Die AOK Bayern bestätigte auf Nachfrage von jetzt nur, dass die Krankenkasse seit Oktober im intensiven Kontakt mit der Versicherten stünde, „um eine passgenaue Rollstuhlversorgung weiterhin zu gewährleisten“. Weiterhin betont der Pressereferent Steffen Habit in einer Mail, dass aufgrund einer eingehenden Prüfung festgestellt werden sollte, inwiefern eine Reparatur des alten Rollstuhls wirtschaftlich sinnvoll sei. Das habe gedauert, die Krankenkasse habe erst am 28. Dezember 2018 einen Kostenvoranschlag des Lieferanten bekommen. „Die Prüfung ergab, dass eine Reparatur unwirtschaftlich ist.“ Marie kommen diese Sätze bekannt vor, „das ist die Standardantwort von ihnen zu dem Fall“, sagt sie. Für weitere Nachfragen war die AOK telefonisch nicht zu erreichen.

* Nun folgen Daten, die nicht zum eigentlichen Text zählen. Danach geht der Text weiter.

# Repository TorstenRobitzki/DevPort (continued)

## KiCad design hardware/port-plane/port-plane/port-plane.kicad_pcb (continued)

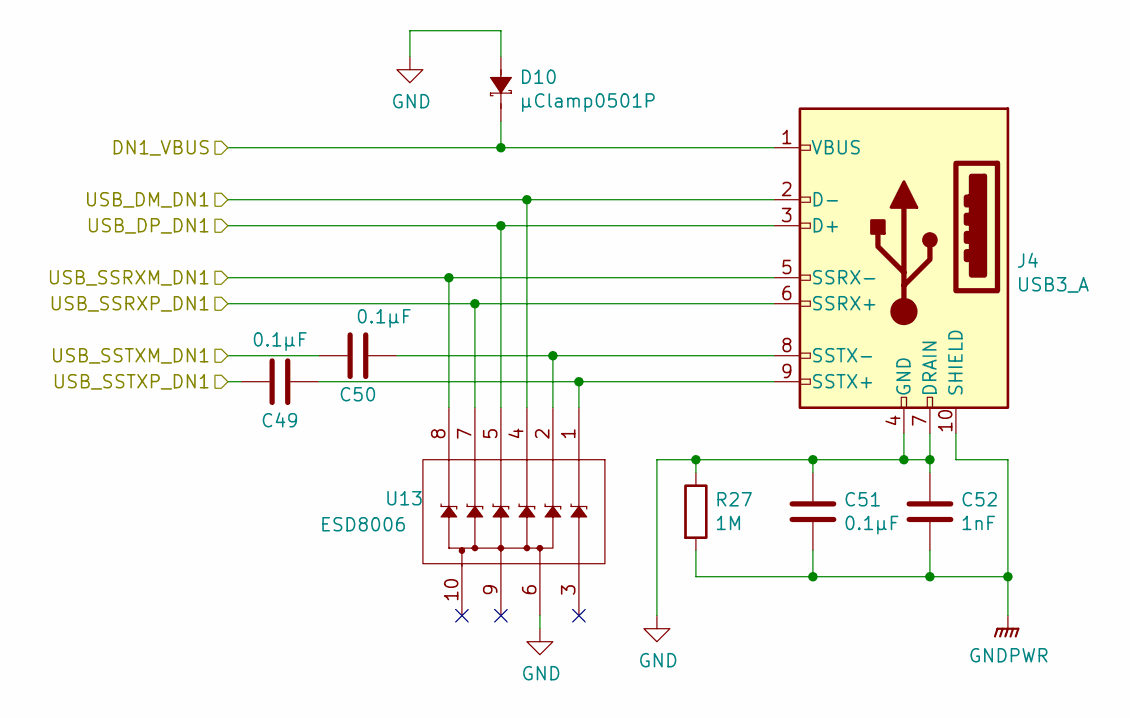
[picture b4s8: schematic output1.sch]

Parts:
C49, C50: 0.1µF; C_0201_0603Metric
C51: 0.1µF; C_0603_1608Metric
C52: 1nF; C_0603_1608Metric
D10: µClamp0501P; SLP1006P2
J4: USB3_A; WR-COM_USB_3.0_Horizontal_SMT
R27: 1M; R_0603_1608Metric
U13: ESD8006; UDFN8

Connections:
/hub/USB_DM_DN1: J4.2 (D-), U13.4; also elsewhere on the board
/hub/USB_DP_DN1: J4.3 (D+), U13.5; also elsewhere on the board
/hub/USB_SSRXM_DN1: J4.5 (SSRX-), U13.8; also elsewhere on the board
/hub/USB_SSRXP_DN1: J4.6 (SSRX+), U13.7; also elsewhere on the board
/hub/USB_SSTXM_DN1: C50.2; also elsewhere on the board
/hub/USB_SSTXP_DN1: C49.2; also elsewhere on the board
/outputs/DN1_VBUS: D10.2 (K), J4.1 (VBUS); also elsewhere on the board
GND: C51.1, C52.1, D10.1 (A), J4.4 (GND), J4.7 (DRAIN), R27.1, U13.6; also elsewhere on the board
GNDPWR: C51.2, C52.2, J4.10 (SHIELD), R27.2; also elsewhere on the board
unnamed: C49.1, J4.9 (SSTX+), U13.1
unnamed: C50.1, J4.8 (SSTX-), U13.2

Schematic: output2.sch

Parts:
C53, C54: 0.1µF; C_0201_0603Metric
C55: 0.1µF; C_0603_1608Metric
C56: 1nF; C_0603_1608Metric
D11: µClamp0501P; SLP1006P2
J5: USB3_A; WR-COM_USB_3.0_Horizontal_SMT
R28: 1M; R_0603_1608Metric
U14: ESD8006; UDFN8

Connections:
/hub/USB_DM_DN2: J5.2 (D-), U14.4; also elsewhere on the board
/hub/USB_DP_DN2: J5.3 (D+), U14.5; also elsewhere on the board
/hub/USB_SSRXM_DN2: J5.5 (SSRX-), U14.8; also elsewhere on the board
/hub/USB_SSRXP_DN2: J5.6 (SSRX+), U14.7; also elsewhere on the board
/hub/USB_SSTXM_DN2: C54.2; also elsewhere on the board
/hub/USB_SSTXP_DN2: C53.2; also elsewhere on the board
/outputs/DN2_VBUS: D11.2 (K), J5.1 (VBUS); also elsewhere on the board
GND: C55.1, C56.1, D11.1 (A), J5.4 (GND), J5.7 (DRAIN), R28.1, U14.6; also elsewhere on the board
GNDPWR: C55.2, C56.2, J5.10 (SHIELD), R28.2; also elsewhere on the board
unnamed: C53.1, J5.9 (SSTX+), U14.1
unnamed: C54.1, J5.8 (SSTX-), U14.2

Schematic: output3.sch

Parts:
C57, C58: 0.1µF; C_0201_0603Metric
C59: 0.1µF; C_0603_1608Metric
C60: 1nF; C_0603_1608Metric
D12: µClamp0501P; SLP1006P2
J6: USB3_A; WR-COM_USB_3.0_Horizontal_SMT
R29: 1M; R_0603_1608Metric
U15: ESD8006; UDFN8

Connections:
/hub/USB_DM_DN3: J6.2 (D-), U15.4; also elsewhere on the board
/hub/USB_DP_DN3: J6.3 (D+), U15.5; also elsewhere on the board
/hub/USB_SSRXM_DN3: J6.5 (SSRX-), U15.8; also elsewhere on the board
/hub/USB_SSRXP_DN3: J6.6 (SSRX+), U15.7; also elsewhere on the board
/hub/USB_SSTXM_DN3: C58.2; also elsewhere on the board
/hub/USB_SSTXP_DN3: C57.2; also elsewhere on the board
/outputs/DN3_VBUS: D12.2 (K), J6.1 (VBUS); also elsewhere on the board
GND: C59.1, C60.1, D12.1 (A), J6.4 (GND), J6.7 (DRAIN), R29.1, U15.6; also elsewhere on the board
GNDPWR: C59.2, C60.2, J6.10 (SHIELD), R29.2; also elsewhere on the board
unnamed: C57.1, J6.9 (SSTX+), U15.1
unnamed: C58.1, J6.8 (SSTX-), U15.2

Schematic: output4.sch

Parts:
C61, C62: 0.1µF; C_0201_0603Metric
C63: 0.1µF; C_0603_1608Metric
C64: 1nF; C_0603_1608Metric
D13: µClamp0501P; SLP1006P2
J7: USB3_A; WR-COM_USB_3.0_Horizontal_SMT
R30: 1M; R_0603_1608Metric
U16: ESD8006; UDFN8

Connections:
/hub/USB_DM_DN4: J7.2 (D-), U16.4; also elsewhere on the board
/hub/USB_DP_DN4: J7.3 (D+), U16.5; also elsewhere on the board
/hub/USB_SSRXM_DN4: J7.5 (SSRX-), U16.8; also elsewhere on the board
/hub/USB_SSRXP_DN4: J7.6 (SSRX+), U16.7; also elsewhere on the board
/hub/USB_SSTXM_DN4: C62.2; also elsewhere on the board
/hub/USB_SSTXP_DN4: C61.2; also elsewhere on the board
/outputs/DN4_VBUS: D13.2 (K), J7.1 (VBUS); also elsewhere on the board
GND: C63.1, C64.1, D13.1 (A), J7.4 (GND), J7.7 (DRAIN), R30.1, U16.6; also elsewhere on the board
GNDPWR: C63.2, C64.2, J7.10 (SHIELD), R30.2; also elsewhere on the board
unnamed: C61.1, J7.9 (SSTX+), U16.1
unnamed: C62.1, J7.8 (SSTX-), U16.2

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
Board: 2 copper layers, 153 parts (4 on the bottom side), 115 nets, no tracks yet.

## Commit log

2021-03-10 initial firmware commit
2021-03-11 reading writing i2c
2021-03-17 progress....
2021-03-17 add hardware
2021-04-08 silkscreen R13; C27 vertauscht
2021-06-14 move to target hardware without bootloader; 12Mhz external Osc.; LED test
2021-06-16 set GCLK_MAIN to 120 MHz
2021-06-16 reading the temperature sensor
2021-06-17 kleinere Anpassungen
2021-06-17 HUB works aswell
2021-06-25 USB CDC sketch
2021-06-30 USB CDC
2021-07-01 delay before sending welcome message

Veronikas Fall ist für sie gut ausgegangen. Für die Zukunft und für andere würde sie sich wünschen, dass Verfahren beschleunigt und die medizinischen Gutachten auch wirklich gewissenhaft gelesen werden würden. Da könne man herauslesen, dass bestimmte Zusatzleistungen – wie in Veronikas Fall ein Elektro-Rollstuhl in der passenden Größe – lebensnotwendig seien. Mit ihrem neuen Gefährt kann Veronika jetzt wieder in den Alltag starten, das hat sie ihren guten Nerven und über 100.000 Unterstützern zu verdanken.